=== Provided entries ===
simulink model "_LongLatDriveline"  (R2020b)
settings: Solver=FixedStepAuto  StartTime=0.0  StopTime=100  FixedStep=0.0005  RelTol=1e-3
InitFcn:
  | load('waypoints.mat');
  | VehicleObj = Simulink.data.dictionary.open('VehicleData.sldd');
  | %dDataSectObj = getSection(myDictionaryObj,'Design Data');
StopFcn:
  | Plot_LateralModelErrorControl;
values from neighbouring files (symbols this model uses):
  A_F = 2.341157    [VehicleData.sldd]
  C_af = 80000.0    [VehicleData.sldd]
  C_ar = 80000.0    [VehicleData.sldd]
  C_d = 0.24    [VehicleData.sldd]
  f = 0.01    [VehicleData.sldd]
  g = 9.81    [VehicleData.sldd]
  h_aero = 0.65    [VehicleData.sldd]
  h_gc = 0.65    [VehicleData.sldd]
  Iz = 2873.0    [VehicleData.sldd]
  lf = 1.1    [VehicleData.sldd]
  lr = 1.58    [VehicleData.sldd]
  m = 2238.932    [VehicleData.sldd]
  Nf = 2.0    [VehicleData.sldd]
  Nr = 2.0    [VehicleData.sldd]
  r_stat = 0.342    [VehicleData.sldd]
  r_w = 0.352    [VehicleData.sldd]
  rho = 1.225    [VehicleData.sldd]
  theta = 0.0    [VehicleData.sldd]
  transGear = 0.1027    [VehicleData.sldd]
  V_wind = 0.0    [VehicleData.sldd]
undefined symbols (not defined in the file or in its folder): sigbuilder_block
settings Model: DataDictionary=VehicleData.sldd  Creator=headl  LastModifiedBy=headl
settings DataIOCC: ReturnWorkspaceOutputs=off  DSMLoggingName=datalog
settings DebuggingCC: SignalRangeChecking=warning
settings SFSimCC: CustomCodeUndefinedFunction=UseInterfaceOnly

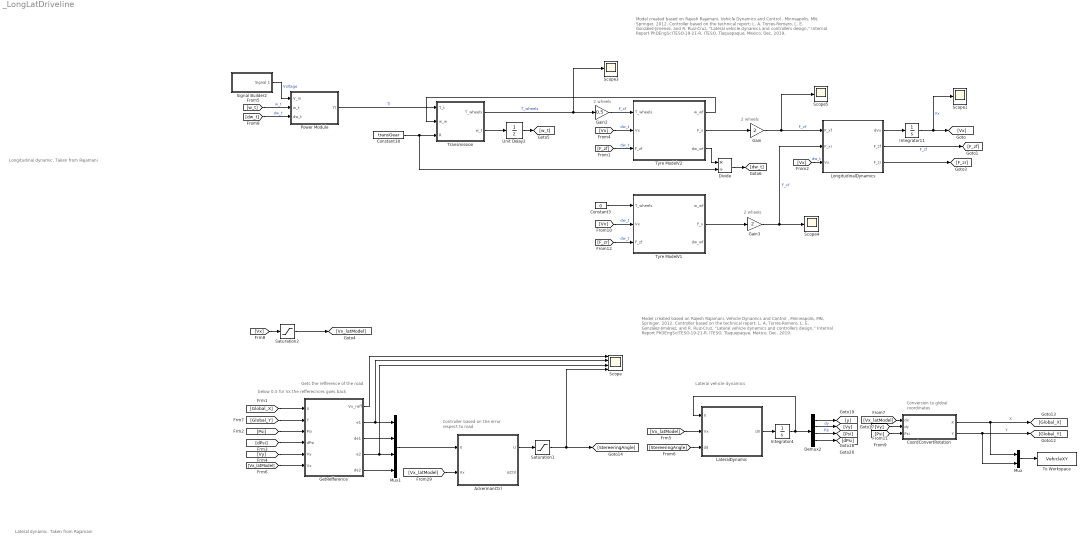
== system _LongLatDriveline ==
  note: below 0.5 for Vx the refferecnces goes back
  note: 2 wheels
  note: Model created based on
      | Rajesh Rajamani, Vehicle Dynamics and Control , Minneapolis, MN, Springer, 2012.
      |
      | Controller based on the technical report:
      | L. A. Torres-Romero, L. E. González-Jiménez, and R. Ruiz-Cruz, “Lateral vehicle dynamics and controllers design,” Internal Report PhDEngScITESO-19-21-R, ITESO, Tlaquepaque, Mexico, Dec. 2019.
  note: Lateral dynamic. Taken from Rajamani
  note: Conversion to global
      | coordinates
  note: Gets the refference of the road
  note: Controller based on the error
      | respect to road
  note: Lateral vehicle dynamics
  note: Longitudinal dynamic. Taken from Rajamani
  note: Model created based on
      | Rajesh Rajamani, Vehicle Dynamics and Control , Minneapolis, MN, Springer, 2012.
      |
      | Controller based on the technical report:
      | L. A. Torres-Romero, L. E. González-Jiménez, and R. Ruiz-Cruz, “Lateral vehicle dynamics and controllers design,” Internal Report PhDEngScITESO-19-21-R, ITESO, Tlaquepaque, Mexico, Dec. 2019.
  note: 2 wheels
  note: 2 wheels
  AckermanCtrl : MATLAB Function  TreatAsAtomicUnit=on
  Constant3 : Constant  Value=0
  Constant30 : Constant  Value=transGear
  CoordConvertRotation : Subsystem
  Demux2 : Demux
  Divide : Product  Inputs=*/
  Gain : Gain  Gain=2
  Gain2 : Gain  Gain=0.5
  Gain3 : Gain  Gain=2
  GetRefference : MATLAB Function  TreatAsAtomicUnit=on
  Integrator11 : Integrator
  Integrator4 : Integrator  InitialCondition=[0;0;-1.574;0.0423]
  LateralDynamic : MATLAB Function  TreatAsAtomicUnit=on
  LongitudinalDynamics : MATLAB Function  TreatAsAtomicUnit=on
  Mux : Mux  Inputs=2
  Mux1 : Mux
  Power Module : Subsystem  Variant=on  VariantControlMode=label  LabelModeActiveChoice=BLDC_Motor
  Saturation1 : Saturate  UpperLimit=pi/4  LowerLimit=-pi/4
  Saturation2 : Saturate  UpperLimit=1000000000  LowerLimit=0.5
  Scope : Scope  NumInputPorts=4
  Scope{1,3..5} (4 alike) : Scope
  Signal Builder2 : Subsystem  Tag=STV Subsys  LoadFcn=sigbuilder_block('load');  StartFcn=sigbuilder_block('start');  StopFcn=sigbuilder_block('stop');  ClipboardFcn=sigbuilder_block('clipboard');  mask(Sigbuilder block){tuvar=[0:10]}
      mask help: Simulink:masks:SigbuilderBlock_MD
      mask init:
      | if ~strcmp(get_param(bdroot(gcbh),'SimulationStatus'),'stopped') tuvar = sigbuilder_block('maskInit'); end
      settings: CopyFcn=sigbuilder_block('copy');  DeleteFcn=sigbuilder_block('delete');  ModelCloseFcn=sigbuilder_block('modelClose');  PreSaveFcn=sigbuilder_block('preSave');  PauseFcn=sigbuilder_block('pause');  ContinueFcn=sigbuilder_block('continue');  NameChangeFcn=sigbuilder_block('namechange');  OpenFcn=sigbuilder_block('open',[5.4 102.6 1141.2 483.6 ]);  CloseFcn=sigbuilder_block('close');
      mask Display: plot(0, 0, 100, 100,[2, 2, 32, 32, 2], [68, 8, 8, 68, 68],[32, 2], [38, 38], [32, 19, 2],[53, 60, 44], [32, 17, 17, 2],[16, 16, 31, 31]);txt = getActiveGroup(gcbh);text(2, 100, txt,'verticalAlignment', 'top');
  To Workspace : ToWorkspace  VariableName=VehicleXY  SampleTime=-1
  Transmission : MATLAB Function  TreatAsAtomicUnit=on
  Tyre ModelV1 : Subsystem
      mask Display: image('D:\Users\headl\MATLAB Drive\20_Control\SimulinkModels\VehicleModelV3\images\tire.png'); % Use "Edit Image" on toolstrip to change.
  Tyre ModelV2 : Subsystem
      mask Display: image('D:\Users\headl\MATLAB Drive\20_Control\SimulinkModels\VehicleModelV3\images\tire.png'); % Use "Edit Image" on toolstrip to change.
  Unit Delay2 : UnitDelay  SampleTime=-1  HasFrameUpgradeWarning=on
  wires:
  Demux2/1 -> [y]
  LateralDynamic/1(dX) -> Integrator4/1
  [Vx_latModel] -> CoordConvertRotation/1(dx)
  Integrator4/1 -> Demux2/1, LateralDynamic/1(X)
  [Vy] -> CoordConvertRotation/2(dy)
  Demux2/2 -> [Vy]  "dy"
  Demux2/4 -> [dPsi]
  Demux2/3 -> [Psi]  "Psi"
  [StereeringAngle] -> LateralDynamic/3(dd)
  [Psi] -> CoordConvertRotation/3(Psi)
  CoordConvertRotation/2(Y) -> Mux/2, [Global_Y]  "Y"
  CoordConvertRotation/1(X) -> Mux/1, [Global_X]  "X"
  [Vx_latModel] -> AckermanCtrl/2(Vx)
  Mux1/1 -> AckermanCtrl/1(X)
  Mux/1 -> To Workspace/1
  [Global_X] -> GetRefference/1(X)
  [Global_Y] -> GetRefference/2(Y)
  [Psi] -> GetRefference/3(Psi)
  [dPsi] -> GetRefference/4(dPsi)
  [Vy] -> GetRefference/5(Vy)
  [Vx_latModel] -> GetRefference/6(Vx)
  GetRefference/2(e1) -> Scope/2, Mux1/1
  GetRefference/3(de1) -> Mux1/2
  GetRefference/4(e2) -> Scope/3, Mux1/3
  GetRefference/5(de2) -> Mux1/4
  GetRefference/1(Vx_reff) -> Scope/1
  Divide/1 -> [dw_t]
  Transmission/2(w_t) -> Unit Delay2/1
  Constant30/1 -> Transmission/3(R), Divide/2
  Unit Delay2/1 -> [w_t]
  AckermanCtrl/1(U) -> Saturation1/1
  Saturation1/1 -> Scope/4, [StereeringAngle]
  Tyre ModelV2/3(dw_wf) -> Divide/1
  Tyre ModelV2/2(F_x) -> Gain/1
  Gain/1 -> Scope5/1, LongitudinalDynamics/1(F_xf)  "F_xf"
  [Vx] -> Tyre ModelV2/2(Vx)  "dw_t"
  [F_zf] -> Tyre ModelV2/3(F_zf)  "dw_t"
  Tyre ModelV2/1(w_wf) -> Transmission/2(w_w)
  [dw_t] -> Power Module/3(dw_t)  "dw_t"
  [w_t] -> Power Module/2(w_t)  "w_t"
  Signal Builder2/1(Signal 1) -> Power Module/1(V_in)  "Voltage"
  LongitudinalDynamics/1(dVx) -> Integrator11/1
  Transmission/1(T_wheels) -> Scope3/1, Gain2/1  "T_wheels"
  [Vx] -> LongitudinalDynamics/3(Vx)  "dw_t"
  Integrator11/1 -> Scope1/1, [Vx]  "Vx"
  [Vx_latModel] -> LateralDynamic/2(Vx)
  [Vx] -> Saturation2/1
  Saturation2/1 -> [Vx_latModel]
  Gain2/1 -> Tyre ModelV2/1(T_wheels)  "F_xf"
  Constant3/1 -> Tyre ModelV1/1(T_wheels)
  [Vx] -> Tyre ModelV1/2(Vx)  "dw_t"
  [F_zr] -> Tyre ModelV1/3(F_zf)  "dw_t"
  Tyre ModelV1/2(F_x) -> Gain3/1
  Gain3/1 -> Scope4/1, LongitudinalDynamics/2(F_xr)  "F_xf"
  LongitudinalDynamics/2(F_zf) -> [F_zf]  "F_zf"
  LongitudinalDynamics/3(F_zr) -> [F_zr]
  Power Module/1(Tl) -> Transmission/1(T_t)  "Tl"

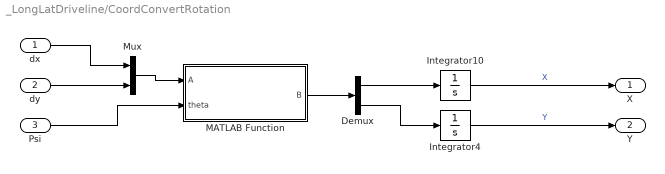
== system _LongLatDriveline/CoordConvertRotation ==
  dx : Inport
  dy : Inport  Port=2
  Psi : Inport  Port=3
  Demux : Demux  Outputs=2
  Integrator10 : Integrator  InitialCondition=-181.34188
  Integrator4 : Integrator  InitialCondition=78.53502
  MATLAB Function : MATLAB Function  TreatAsAtomicUnit=on
  Mux : Mux  Inputs=2
  X : Outport  VectorParamsAs1DForOutWhenUnconnected=off
  Y : Outport  Port=2  VectorParamsAs1DForOutWhenUnconnected=off
  wires:
  Integrator10/1 -> X/1  "X"
  Integrator4/1 -> Y/1  "Y"
  Psi/1 -> MATLAB Function/2(theta)
  dx/1 -> Mux/1
  dy/1 -> Mux/2
  Mux/1 -> MATLAB Function/1(A)
  MATLAB Function/1(B) -> Demux/1
  Demux/1 -> Integrator10/1
  Demux/2 -> Integrator4/1

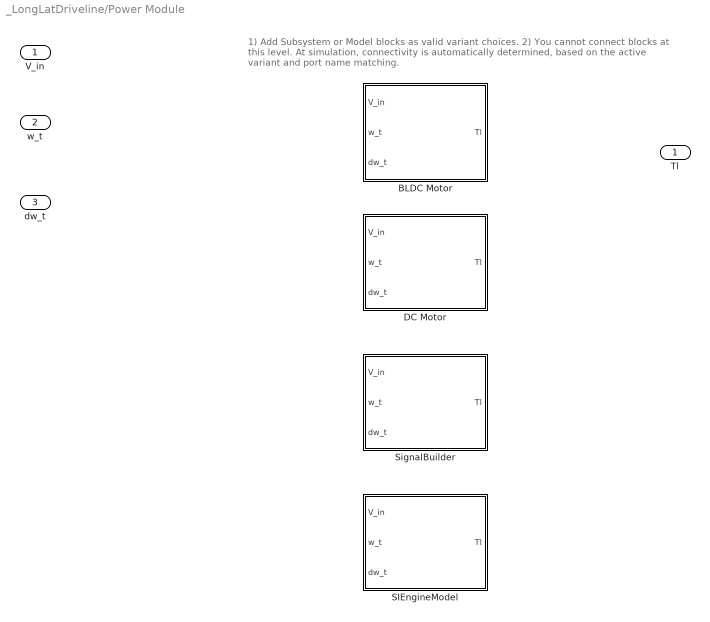
== system _LongLatDriveline/Power Module ==
  note: 1) Add Subsystem or Model blocks as valid variant choices.
      | 2) You cannot connect blocks at this level. At simulation, connectivity is automatically
      | determined, based on the active variant and port name matching.
  V_in : Inport
  w_t : Inport  Port=2
  dw_t : Inport  Port=3
  BLDC Motor : Subsystem  VariantControl=BLDC_Motor
      mask Display: image('D:\Users\headl\MATLAB Drive\20_Control\SimulinkModels\VehicleModelV4\images\BLDC.jpg'); % Use "Edit Image" on toolstrip to change.
  DC Motor : Subsystem  VariantControl=DC_Motor
  SIEngineModel : Subsystem  VariantControl=SI Engine
  SignalBuilder : Subsystem  VariantControl=Signal Bulder
  Tl : Outport

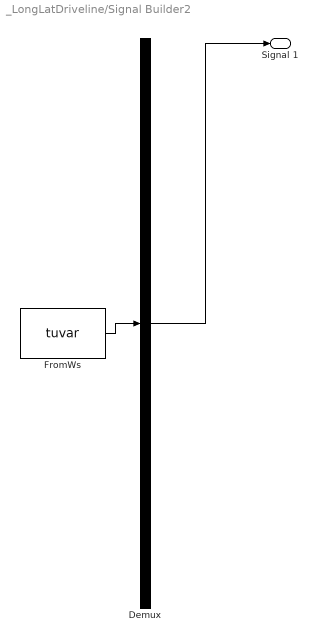
== system _LongLatDriveline/Signal Builder2 ==
  Demux : Demux  Tag=STV Demux  Outputs=1
      settings: DisplayOption=none
  FromWs : FromWorkspace  Tag=STV FromWs  VariableName=tuvar
      SigBuilderData=|
      | common.afterFinalStr = 'Extrapolate'
      | common.sampleTime = 0
      | dataSet.timeRange = [0 80]
      | dataSet.name = 'Group 1'
      | sbobj.Groups.Name = 'Group 1'
      | sbobj.Groups.Signals.Name = 'Signal 1'
      | sbobj.Groups.Signals.XData = [0 80]
      | sbobj.Groups.Signals.YData = [420 420]
      | sbobj.Groups.TimeRange = [0 80]
  Signal 1 : Outport  Tag=STV Outport  VectorParamsAs1DForOutWhenUnconnected=off
  wires:
  Demux/1 -> Signal 1/1
  FromWs/1 -> Demux/1

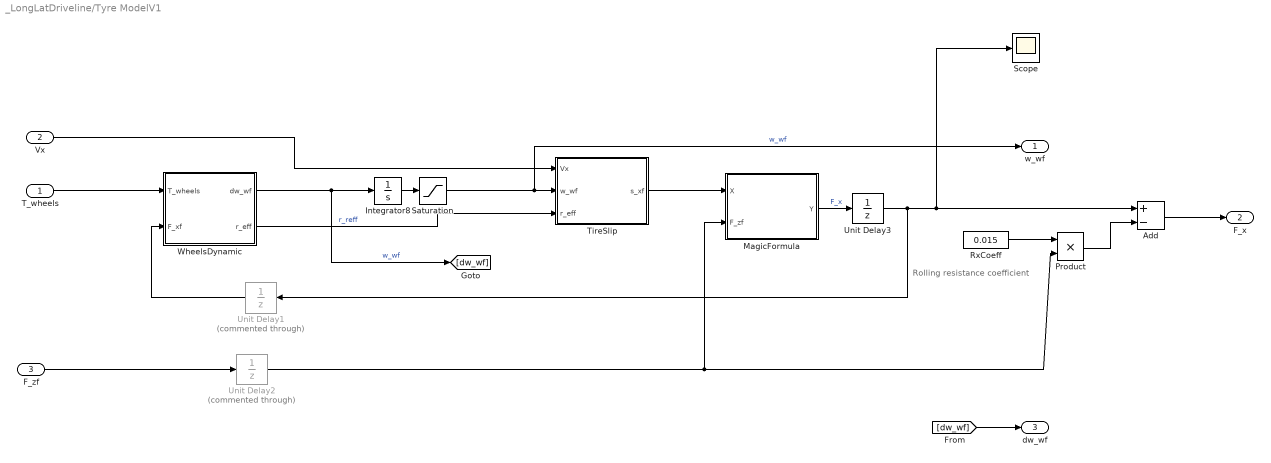
== system _LongLatDriveline/Tyre ModelV1 ==
  note: Rolling resistance coefficient
  T_wheels : Inport
  Vx : Inport  Port=2
  F_zf : Inport  Port=3
  Add : Sum  Inputs=+-
  Integrator8 : Integrator
  MagicFormula : MATLAB Function  TreatAsAtomicUnit=on
  Product : Product
  RxCoeff : Constant  Value=0.015
  Saturation : Saturate  UpperLimit=100000  LowerLimit=0
  Scope : Scope
  TireSlip : MATLAB Function  TreatAsAtomicUnit=on
  Unit Delay1 : UnitDelay  Commented=through  SampleTime=-1  HasFrameUpgradeWarning=on
  Unit Delay2 : UnitDelay  Commented=through  SampleTime=-1  HasFrameUpgradeWarning=on
  Unit Delay3 : UnitDelay  SampleTime=-1  HasFrameUpgradeWarning=on
  WheelsDynamic : MATLAB Function  TreatAsAtomicUnit=on
  w_wf : Outport
  F_x : Outport  Port=2
  dw_wf : Outport  Port=3
  wires:
  T_wheels/1 -> WheelsDynamic/1(T_wheels)
  Saturation/1 -> w_wf/1, TireSlip/2(w_wf)  "w_wf"
  WheelsDynamic/2(r_eff) -> TireSlip/3(r_eff)  "r_reff"
  MagicFormula/1(Y) -> Unit Delay3/1  "F_x"
  TireSlip/1(s_xf) -> MagicFormula/1(X)
  Integrator8/1 -> Saturation/1
  Vx/1 -> TireSlip/1(Vx)
  [dw_wf] -> dw_wf/1
  WheelsDynamic/1(dw_wf) -> [dw_wf], Integrator8/1  "w_wf"
  Add/1 -> F_x/1
  Product/1 -> Add/2
  RxCoeff/1 -> Product/1
  F_zf/1 -> Unit Delay2/1
  Unit Delay1/1 -> WheelsDynamic/2(F_xf)
  Unit Delay2/1 -> MagicFormula/2(F_zf), Product/2
  Unit Delay3/1 -> Unit Delay1/1, Add/1, Scope/1

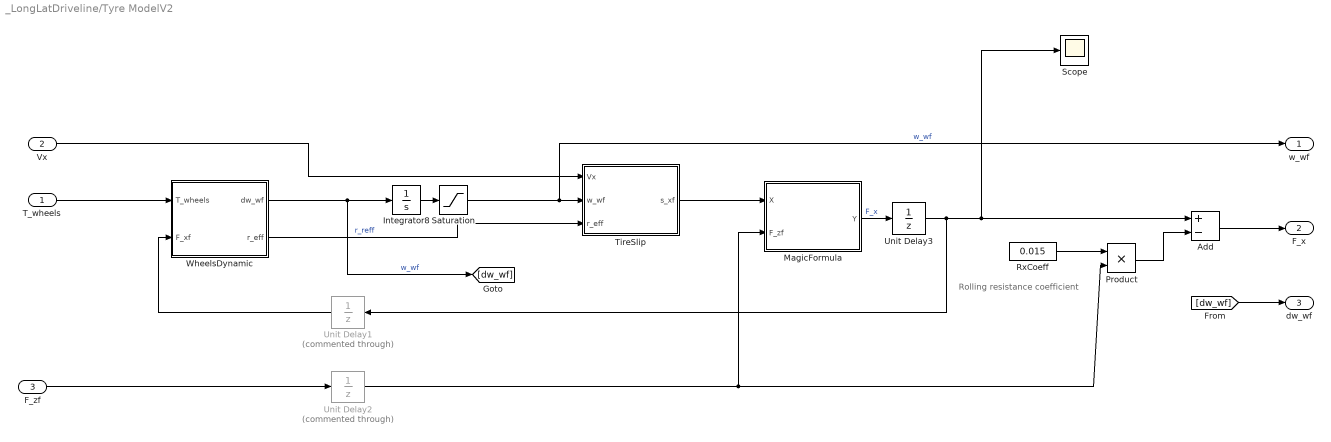
== system _LongLatDriveline/Tyre ModelV2 ==
  note: Rolling resistance coefficient
  T_wheels : Inport
  Vx : Inport  Port=2
  F_zf : Inport  Port=3
  Add : Sum  Inputs=+-
  Integrator8 : Integrator
  MagicFormula : MATLAB Function  TreatAsAtomicUnit=on
  Product : Product
  RxCoeff : Constant  Value=0.015
  Saturation : Saturate  UpperLimit=100000  LowerLimit=0
  Scope : Scope
  TireSlip : MATLAB Function  TreatAsAtomicUnit=on
  Unit Delay1 : UnitDelay  Commented=through  SampleTime=-1  HasFrameUpgradeWarning=on
  Unit Delay2 : UnitDelay  Commented=through  SampleTime=-1  HasFrameUpgradeWarning=on
  Unit Delay3 : UnitDelay  SampleTime=-1  HasFrameUpgradeWarning=on
  WheelsDynamic : MATLAB Function  TreatAsAtomicUnit=on
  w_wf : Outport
===
→ What you are asked to do
Look above for the line with "Demux2/2 -> [Vy]" and the line with "[Vx] -> Tyre ModelV1/2(Vx)", and reproduce exactly those two lines plus every line between, nothing more.

→ Task response
  Demux2/2 -> [Vy]  "dy"
  Demux2/4 -> [dPsi]
  Demux2/3 -> [Psi]  "Psi"
  [StereeringAngle] -> LateralDynamic/3(dd)
  [Psi] -> CoordConvertRotation/3(Psi)
  CoordConvertRotation/2(Y) -> Mux/2, [Global_Y]  "Y"
  CoordConvertRotation/1(X) -> Mux/1, [Global_X]  "X"
  [Vx_latModel] -> AckermanCtrl/2(Vx)
  Mux1/1 -> AckermanCtrl/1(X)
  Mux/1 -> To Workspace/1
  [Global_X] -> GetRefference/1(X)
  [Global_Y] -> GetRefference/2(Y)
  [Psi] -> GetRefference/3(Psi)
  [dPsi] -> GetRefference/4(dPsi)
  [Vy] -> GetRefference/5(Vy)
  [Vx_latModel] -> GetRefference/6(Vx)
  GetRefference/2(e1) -> Scope/2, Mux1/1
  GetRefference/3(de1) -> Mux1/2
  GetRefference/4(e2) -> Scope/3, Mux1/3
  GetRefference/5(de2) -> Mux1/4
  GetRefference/1(Vx_reff) -> Scope/1
  Divide/1 -> [dw_t]
  Transmission/2(w_t) -> Unit Delay2/1
  Constant30/1 -> Transmission/3(R), Divide/2
  Unit Delay2/1 -> [w_t]
  AckermanCtrl/1(U) -> Saturation1/1
  Saturation1/1 -> Scope/4, [StereeringAngle]
  Tyre ModelV2/3(dw_wf) -> Divide/1
  Tyre ModelV2/2(F_x) -> Gain/1
  Gain/1 -> Scope5/1, LongitudinalDynamics/1(F_xf)  "F_xf"
  [Vx] -> Tyre ModelV2/2(Vx)  "dw_t"
  [F_zf] -> Tyre ModelV2/3(F_zf)  "dw_t"
  Tyre ModelV2/1(w_wf) -> Transmission/2(w_w)
  [dw_t] -> Power Module/3(dw_t)  "dw_t"
  [w_t] -> Power Module/2(w_t)  "w_t"
  Signal Builder2/1(Signal 1) -> Power Module/1(V_in)  "Voltage"
  LongitudinalDynamics/1(dVx) -> Integrator11/1
  Transmission/1(T_wheels) -> Scope3/1, Gain2/1  "T_wheels"
  [Vx] -> LongitudinalDynamics/3(Vx)  "dw_t"
  Integrator11/1 -> Scope1/1, [Vx]  "Vx"
  [Vx_latModel] -> LateralDynamic/2(Vx)
  [Vx] -> Saturation2/1
  Saturation2/1 -> [Vx_latModel]
  Gain2/1 -> Tyre ModelV2/1(T_wheels)  "F_xf"
  Constant3/1 -> Tyre ModelV1/1(T_wheels)
  [Vx] -> Tyre ModelV1/2(Vx)  "dw_t"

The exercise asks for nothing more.